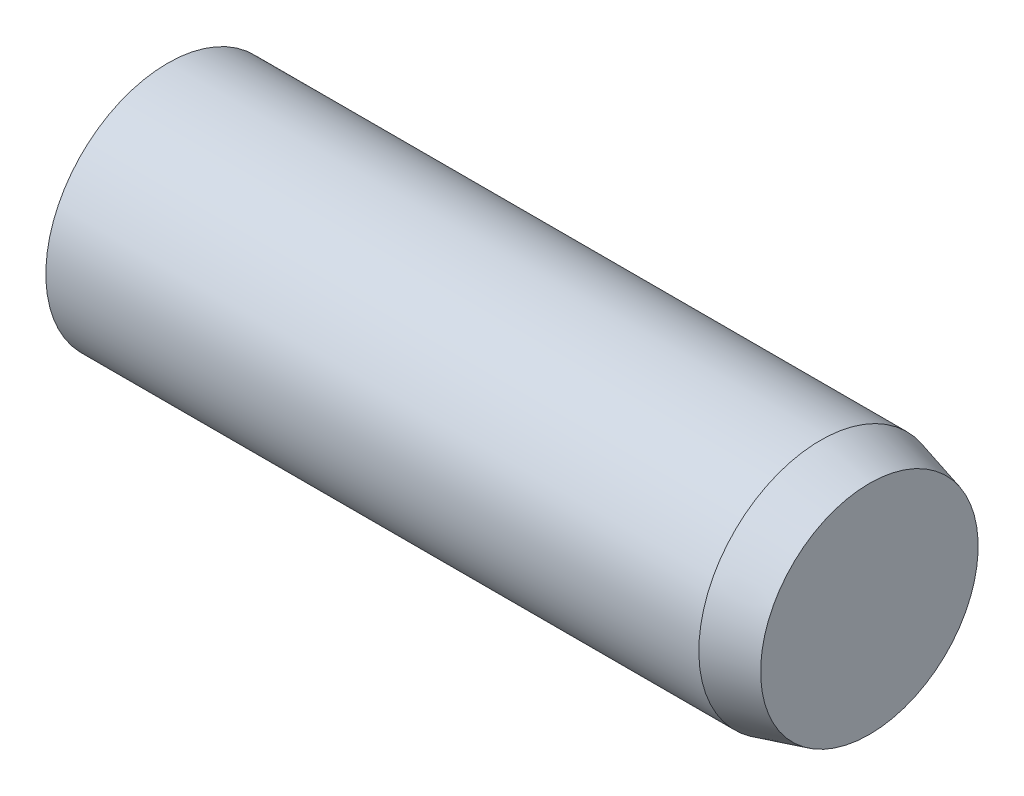
from build123d import *


with BuildPart() as part:
    # BodySke → Body (revolve)
    with BuildSketch(Plane.XY):
        with BuildLine():
            Line((28, 5), (30, 4.464101615))
            Line((30, 4.464101615), (30, 0))
            Line((30, 0), (0, 0))
            ThreePointArc((0, 0), (0.30419989, 2.570992026), (1.2, 5))
            Line((1.2, 5), (28, 5))
        make_face()
    revolve(axis=Axis((0, 0, 0), (1, 0, 0)))


solid = part.part
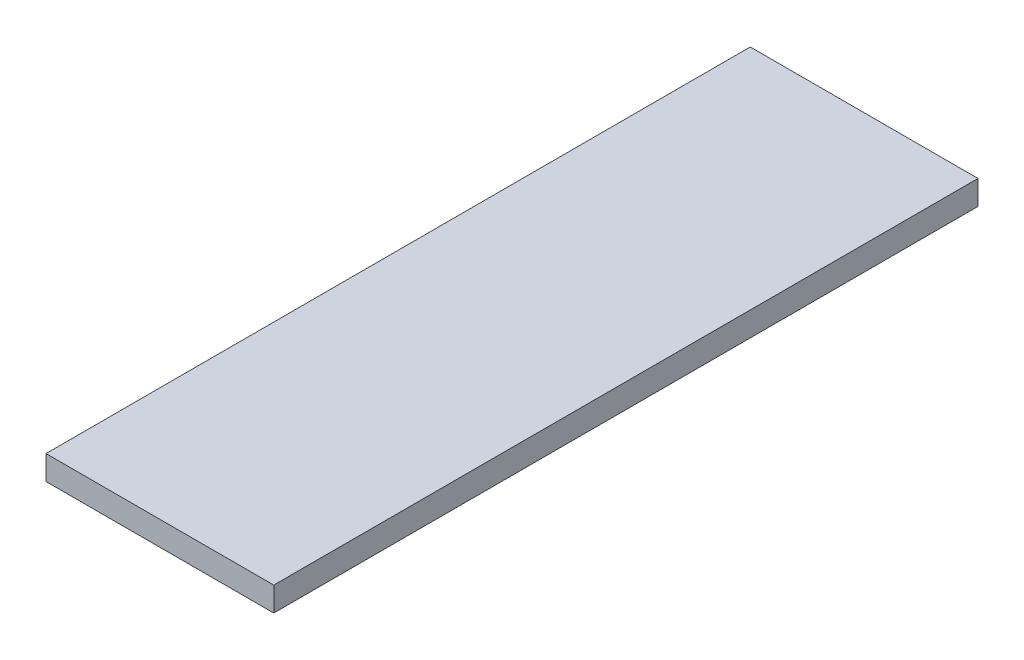
from build123d import *

# Parameters (mm, degrees)
BOSS_EXTRUDE1_DEPTH  = 2
BOSS_EXTRUDE5_DEPTH  = 1
SKETCH8_R            = 1.5
CUT_EXTRUDE1_DEPTH   = 67.539461976
SKETCH9_W            = 10.5
SKETCH9_H            = 10.5
CUT_EXTRUDE2_DEPTH   = 2
FILLET2_R            = 5
FILLET2_OF_MIRROR3_R = 5
MIRROR4_OUTLINE_R    = 1.5
MIRROR4_DEPTH        = 2
CHAMFER2_SIZE        = 1
CHAMFER1_SIZE        = 3
CUT_EXTRUDE3_START   = -0.5
CUT_EXTRUDE3_DEPTH   = 67.039461976
SKETCH12_W           = 95
SKETCH12_H           = 93
SKETCH12_W_2         = 18.798891394
SKETCH12_H_2         = 58.129040714
CUT_EXTRUDE4_DEPTH   = 67.539461976


# Read off the part's stored shape, not the designer's step: Mirror4
with BuildPart() as part:
    # Sketch1 → Boss-Extrude1 (new body)
    with BuildSketch(Plane(origin=(0, 0, 0), x_dir=(1, 0, 0), z_dir=(0, 1, 0))):
        Polygon((47.5, -43.5), (47.5, 43.5), (44.5, 46.5), (-44.5, 46.5), (-47.5, 43.5), (-47.5, -43.5), (-44.5, -46.5), (44.5, -46.5), align=None)
    extrude(amount=BOSS_EXTRUDE1_DEPTH)

    # Sketch7 → Boss-Extrude5 (add)
    with BuildSketch(Plane.XZ):
        Polygon((44.5, -46.5), (47.5, -43.5), (47.5, 43.5), (44.5, 46.5), (-44.5, 46.5), (-47.5, 43.5), (-47.5, -43.5), (-44.5, -46.5), align=None)
        Polygon((-45.5, -24.5), (-45.5, 24.5), (-25.5, 44.5), (25.5, 44.5), (45.5, 24.5), (45.5, -24.5), (25.5, -44.5), (-25.5, -44.5), align=None, mode=Mode.SUBTRACT)
    extrude(amount=BOSS_EXTRUDE5_DEPTH)

    # Sketch8 → Cut-Extrude1 (cut, through all)
    with BuildSketch(Plane.XZ.offset(1)):
        with Locations(Location((-42, 41, 0), (0, 0, 270))):
            Circle(SKETCH8_R)
        with Locations(Location((42, 41, 0), (0, 0, 270))):
            Circle(SKETCH8_R)
        with Locations(Location((42, -41, 0), (0, 0, 270))):
            Circle(SKETCH8_R)
        with Locations(Location((-42, -41, 0), (0, 0, 270))):
            Circle(SKETCH8_R)
    extrude(amount=-CUT_EXTRUDE1_DEPTH, mode=Mode.SUBTRACT)

    # Sketch9 → Cut-Extrude2 (cut)
    with BuildSketch(Plane(origin=(0, 2, 0), x_dir=(1, 0, 0), z_dir=(0, 1, 0))):
        with Locations((-42.25, 41.25)):
            Rectangle(SKETCH9_W, SKETCH9_H)
    cut_extrude2 = extrude(amount=-CUT_EXTRUDE2_DEPTH, mode=Mode.SUBTRACT)

    # Fillet2
    fillet2_edges = [part.edges().sort_by_distance(p)[0] for p in [
        (-37, 1, -36),
    ]]
    fillet(fillet2_edges, radius=FILLET2_R)

    # Mirror3: Cut-Extrude2 across plane
    add(cut_extrude2.mirror(Plane(origin=(0, 0, 0), x_dir=(0, 0, 1), z_dir=(1, 0, 0))), mode=Mode.SUBTRACT)

    # Fillet2 of Mirror3
    fillet2_of_mirror3_edges = [part.edges().sort_by_distance(p)[0] for p in [
        (37, 1, -36),
    ]]
    fillet(fillet2_of_mirror3_edges, radius=FILLET2_OF_MIRROR3_R)

    # Mirror4 outline → Mirror4 (cut)
    # profile 1 of 2: a face of its own
    with BuildSketch(Plane(origin=(0, 0, 0), x_dir=(1, 0, 0), z_dir=(0, 1, 0))):
        with BuildLine():
            Line((37, -41), (37, -46.5))
            Line((37, -46.5), (44.5, -46.5))
            Line((44.5, -46.5), (47.5, -43.5))
            Line((47.5, -43.5), (47.5, -36))
            Line((47.5, -36), (42, -36))
            ThreePointArc((42, -36), (38.464466094, -37.464466094), (37, -41))
        make_face()
        with Locations((42, -41)):
            Circle(MIRROR4_OUTLINE_R, mode=Mode.SUBTRACT)
    # profile 2 of 2: a face of its own
    with BuildSketch(Plane(origin=(0, 0, 0), x_dir=(1, 0, 0), z_dir=(0, 1, 0))):
        with BuildLine():
            Line((-37, -46.5), (-37, -41))
            ThreePointArc((-37, -41), (-38.464466094, -37.464466094), (-42, -36))
            Line((-42, -36), (-47.5, -36))
            Line((-47.5, -36), (-47.5, -43.5))
            Line((-47.5, -43.5), (-44.5, -46.5))
            Line((-44.5, -46.5), (-37, -46.5))
        make_face()
        with Locations((-42, -41)):
            Circle(MIRROR4_OUTLINE_R, mode=Mode.SUBTRACT)
    extrude(amount=MIRROR4_DEPTH, mode=Mode.SUBTRACT)

    # Chamfer2
    chamfer2_edges = [part.edges().sort_by_distance(p)[0] for p in [
        (-46, 0, 45),
        (46, 0, 45),
        (46, 0, -45),
        (-46, 0, -45),
    ]]
    chamfer(chamfer2_edges, length=CHAMFER2_SIZE - 0.0001)  # a hair under: the kernel refuses the full size

    # Chamfer1
    chamfer1_edges = [part.edges().sort_by_distance(p)[0] for p in [
        (47.5, 2, 0),
        (0, 2, -46.5),
        (-47.5, 2, 0),
        (0, 2, 46.5),
    ]]
    chamfer(chamfer1_edges, length=CHAMFER1_SIZE - 0.0001)  # a hair under: the kernel refuses the full size

    # Sketch11 → Cut-Extrude3 (cut, through all)
    # profile 1 of 5: a face of its own
    with BuildSketch(Plane(origin=(0, 2, 0), x_dir=(1, 0, 0), z_dir=(0, 1, 0)).offset(CUT_EXTRUDE3_START)):
        with BuildLine():
            Line((-2.96964558, 11.609823917), (2.684942756, 11.609823917))
            add(Edge.make_bspline(
                [(2.684942756, 11.609823917), (2.777321738, 11.611776071), (2.957391943, 11.615581316), (3.219120893, 11.650328301), (3.464419674, 11.707868164), (3.691605394, 11.791263919), (3.903384111, 11.89380175), (4.09705776, 12.021947729), (4.272833559, 12.174104626), (4.431408637, 12.348792332), (4.573358623, 12.545630483), (4.694186475, 12.766291094), (4.798170129, 13.00852758), (4.880656827, 13.273890976), (4.948515017, 13.560811829), (4.992640174, 13.870858563), (5.023026869, 14.202372497), (5.026731398, 14.431028545), (5.028640829, 14.548885077)],
                knots=[0, 0, 0, 0, 1.034928103, 2.017338911, 2.952994127, 3.853038192, 4.724242918, 5.58444331, 6.447693392, 7.323153255, 8.223014811, 9.160971226, 10.137008122, 11.172588677, 12.271517983, 13.437861302, 14.679392988, 16, 16, 16, 16], degree=3))
            Line((5.028640829, 14.548885077), (5.03035442, 23.359224244))
            Line((5.03035442, 23.359224244), (-2.96964558, 23.359224244))
            Line((-2.96964558, 23.359224244), (-2.96964558, 20.833873821))
            Line((-2.96964558, 20.833873821), (3.068088594, 20.833873821))
            Line((3.068088594, 20.833873821), (3.068088594, 18.747199292))
            Line((3.068088594, 18.747199292), (-2.96964558, 18.747199292))
            Line((-2.96964558, 18.747199292), (-2.96964558, 16.24556108))
            Line((-2.96964558, 16.24556108), (3.068088594, 16.24556108))
            Line((3.068088594, 16.24556108), (3.068088594, 15.071806657))
            add(Edge.make_bspline(
                [(3.068088594, 15.071806657), (3.064209945, 15.000818284), (3.056817159, 14.865512946), (3.017415302, 14.673744126), (2.945687753, 14.507567483), (2.849227659, 14.366066065), (2.727507434, 14.25259732), (2.583404565, 14.169824506), (2.418095172, 14.12159896), (2.301681966, 14.11381315), (2.241333797, 14.109777015)],
                knots=[0, 0, 0, 0, 1.19415961, 2.276093407, 3.270406576, 4.216705333, 5.134670092, 6.042926015, 6.985460194, 8, 8, 8, 8], degree=3))
            Line((2.241333797, 14.109777015), (-2.96964558, 14.11146213))
            Line((-2.96964558, 14.11146213), (-2.96964558, 11.609823917))
        make_face()
    # profile 2 of 5: a face of its own
    with BuildSketch(Plane(origin=(0, 2, 0), x_dir=(1, 0, 0), z_dir=(0, 1, 0)).offset(CUT_EXTRUDE3_START)):
        with BuildLine():
            add(Edge.make_bspline(
                [(-2.969643905, 5.897576517), (-2.96809823, 5.762393842), (-2.96510144, 5.500298648), (-2.929912456, 5.121392409), (-2.87499534, 4.769490356), (-2.793861736, 4.445422743), (-2.69218258, 4.147075951), (-2.565284779, 3.876511497), (-2.414802382, 3.633303118), (-2.241004585, 3.416920199), (-2.040781676, 3.227928976), (-1.816319116, 3.063784889), (-1.565759235, 2.926444756), (-1.290799144, 2.81536465), (-0.991662355, 2.727164042), (-0.6669311, 2.666912194), (-0.31752516, 2.630762625), (-0.076652983, 2.626535645), (0.047508754, 2.624356775)],
                knots=[0, 0, 0, 0, 1.264098041, 2.450861568, 3.556059647, 4.592449321, 5.571738732, 6.499987297, 7.381518289, 8.240985537, 9.088387607, 9.949500598, 10.835174967, 11.753837337, 12.718427414, 13.747394228, 14.838855326, 16, 16, 16, 16], degree=3))
            add(Edge.make_bspline(
                [(0.047508754, 2.624356775), (0.171095874, 2.626551583), (0.410821754, 2.630808922), (0.758005311, 2.666670781), (1.080872887, 2.727637172), (1.378936289, 2.815380518), (1.653544658, 2.926063957), (1.902865397, 3.06377138), (2.125673229, 3.228464079), (2.325778761, 3.416860744), (2.4995069, 3.633321561), (2.650048319, 3.87649842), (2.776770089, 4.147111295), (2.879099814, 4.44515456), (2.9573934, 4.76978309), (3.013110652, 5.121345958), (3.048045309, 5.500147868), (3.051086762, 5.762070079), (3.052654551, 5.897084048)],
                knots=[0, 0, 0, 0, 1.158186699, 2.246571676, 3.267136807, 4.233719281, 5.154279183, 6.037094379, 6.895664914, 7.744817325, 8.606059835, 9.489411662, 10.419577559, 11.400889729, 12.438133347, 13.545614255, 14.734829086, 16, 16, 16, 16], degree=3))
            Line((3.052654551, 5.897084048), (3.054368142, 7.628567887))
            add(Edge.make_bspline(
                [(3.054368142, 7.628567887), (3.052087435, 7.763890556), (3.047668129, 8.026104083), (3.013084169, 8.405794119), (2.957354846, 8.758506564), (2.879272217, 9.084301846), (2.777305112, 9.382616378), (2.648957847, 9.652321383), (2.500679253, 9.896375076), (2.325110068, 10.1115118), (2.125686864, 10.299745598), (1.903387676, 10.464985632), (1.652577425, 10.599590217), (1.379762675, 10.714045364), (1.080448398, 10.79819074), (0.758080474, 10.860049476), (0.410830224, 10.896140128), (0.171093256, 10.899026602), (0.047508754, 10.90051458)],
                knots=[0, 0, 0, 0, 1.26769055, 2.456392651, 3.568684506, 4.61068505, 5.591574127, 6.516496223, 7.404021586, 8.260732698, 9.109518996, 9.967719358, 10.847564872, 11.769768271, 12.734432948, 13.754558062, 14.842473782, 16, 16, 16, 16], degree=3))
            add(Edge.make_bspline(
                [(0.047508754, 10.90051458), (-0.0766503, 10.899042356), (-0.317533369, 10.89618607), (-0.667006901, 10.859809497), (-0.991235068, 10.798654526), (-1.291624123, 10.714059119), (-1.564794291, 10.599205964), (-1.816840344, 10.46497672), (-2.0407965, 10.300281373), (-2.240335992, 10.111452571), (-2.415974835, 9.896393582), (-2.564194044, 9.652308377), (-2.692717348, 9.382651147), (-2.794030128, 9.084035403), (-2.874983026, 8.758798699), (-2.929782862, 8.405745261), (-2.965159875, 8.025884885), (-2.968116647, 7.763379115), (-2.969643905, 7.627787307)],
                knots=[0, 0, 0, 0, 1.160429975, 2.251369709, 3.27984501, 4.242476435, 5.162736078, 6.045417472, 6.90611913, 7.753116416, 8.608021813, 9.493676512, 10.416649122, 11.395470751, 12.436552129, 13.546499574, 14.732696212, 16, 16, 16, 16], degree=3))
            Line((-2.969643905, 7.627787307), (-2.969643905, 5.897576517))
        make_face()
        with BuildLine():
            add(Edge.make_bspline(
                [(-1.117156769, 7.201748097), (-1.115892009, 7.263204152), (-1.113466534, 7.381060518), (-1.093814198, 7.549114214), (-1.066603664, 7.700982372), (-1.032007566, 7.837974531), (-0.983621973, 7.957891777), (-0.927608702, 8.062719477), (-0.859749528, 8.150359496), (-0.755742939, 8.243937259), (-0.605346135, 8.33174352), (-0.40667012, 8.407254005), (-0.185594743, 8.446420315), (-0.032099093, 8.446123212), (0.047508754, 8.445969125)],
                knots=[0, 0, 0, 0, 1.116668216, 2.14147261, 3.070955002, 3.920427669, 4.703899179, 5.415499754, 6.074466061, 6.707094748, 7.947527221, 9.213680472, 10.554923887, 12, 12, 12, 12], degree=3))
            add(Edge.make_bspline(
                [(0.047508754, 8.445969125), (0.125977156, 8.446140141), (0.277211685, 8.446469744), (0.495425914, 8.407021022), (0.691722076, 8.331605781), (0.841018613, 8.244392597), (0.942772874, 8.149763601), (1.010694357, 8.062797422), (1.066601973, 7.957867111), (1.115060305, 7.837985222), (1.149462925, 7.700965611), (1.177455325, 7.549237278), (1.193745477, 7.380537052), (1.197961431, 7.262466281), (1.200167416, 7.200686106)],
                knots=[0, 0, 0, 0, 1.431661465, 2.759284488, 4.022212845, 5.260141476, 5.888357472, 6.550729177, 7.266007152, 8.053527476, 8.907390036, 9.841675796, 10.870663369, 12, 12, 12, 12], degree=3))
            Line((1.200167416, 7.200686106), (1.201881007, 6.407389044))
            add(Edge.make_bspline(
                [(1.201881007, 6.407389044), (1.198953268, 6.340754162), (1.193378539, 6.213874191), (1.177603253, 6.032856529), (1.149511961, 5.870852383), (1.115319944, 5.725262374), (1.066486398, 5.598091776), (1.011034516, 5.486809692), (0.94385937, 5.394378735), (0.840943888, 5.297437413), (0.692432767, 5.206643676), (0.495495759, 5.130197912), (0.277437281, 5.087752017), (0.126013429, 5.089831169), (0.047508754, 5.090909091)],
                knots=[0, 0, 0, 0, 1.179416097, 2.245734887, 3.209712096, 4.085060225, 4.884939085, 5.61290565, 6.278149703, 6.893097025, 8.101911108, 9.3278521, 10.614642948, 12, 12, 12, 12], degree=3))
            add(Edge.make_bspline(
                [(0.047508754, 5.090909091), (-0.032134762, 5.089848247), (-0.185816799, 5.087801216), (-0.406741834, 5.129956432), (-0.606055086, 5.206504149), (-0.75565704, 5.297891249), (-0.860861763, 5.393771355), (-0.927943294, 5.486891491), (-0.983509062, 5.598065875), (-1.032262488, 5.725273442), (-1.066672598, 5.870835591), (-1.093869806, 6.032975779), (-1.113523015, 6.213378553), (-1.115907879, 6.340137605), (-1.117156769, 6.40651801)],
                knots=[0, 0, 0, 0, 1.398530562, 2.698638094, 3.927816791, 5.139084209, 5.75826623, 6.420177815, 7.144497711, 7.940369665, 8.811332833, 9.770481103, 10.832459186, 12, 12, 12, 12], degree=3))
            Line((-1.117156769, 6.40651801), (-1.117156769, 7.201748097))
        make_face(mode=Mode.SUBTRACT)
    # profile 3 of 5: a face of its own
    with BuildSketch(Plane(origin=(0, 2, 0), x_dir=(1, 0, 0), z_dir=(0, 1, 0)).offset(CUT_EXTRUDE3_START)):
        with BuildLine():
            Line((-2.96964558, -3.836145208), (3.054369817, -6.610473842))
            Line((3.054369817, -6.610473842), (3.054369817, -4.013986787))
            Line((3.054369817, -4.013986787), (0.523436404, -2.875800681))
            add(Edge.make_bspline(
                [(0.523436404, -2.875800681), (0.423165964, -2.831315113), (0.232788556, -2.746853062), (-0.039178136, -2.628435976), (-0.281366415, -2.522983302), (-0.498250545, -2.435597621), (-0.689708347, -2.358366422), (-0.861747025, -2.295653669), (-1.013040364, -2.240988801), (-1.109008452, -2.213388861), (-1.153177353, -2.200686106)],
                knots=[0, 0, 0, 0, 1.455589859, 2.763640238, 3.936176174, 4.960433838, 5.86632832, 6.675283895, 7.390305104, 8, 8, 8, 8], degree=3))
------------
What to work on
Read the entries above and find each line holding the word "hair". Copy it out.

Result
    chamfer(chamfer2_edges, length=CHAMFER2_SIZE - 0.0001)  # a hair under: the kernel refuses the full size
    chamfer(chamfer1_edges, length=CHAMFER1_SIZE - 0.0001)  # a hair under: the kernel refuses the full size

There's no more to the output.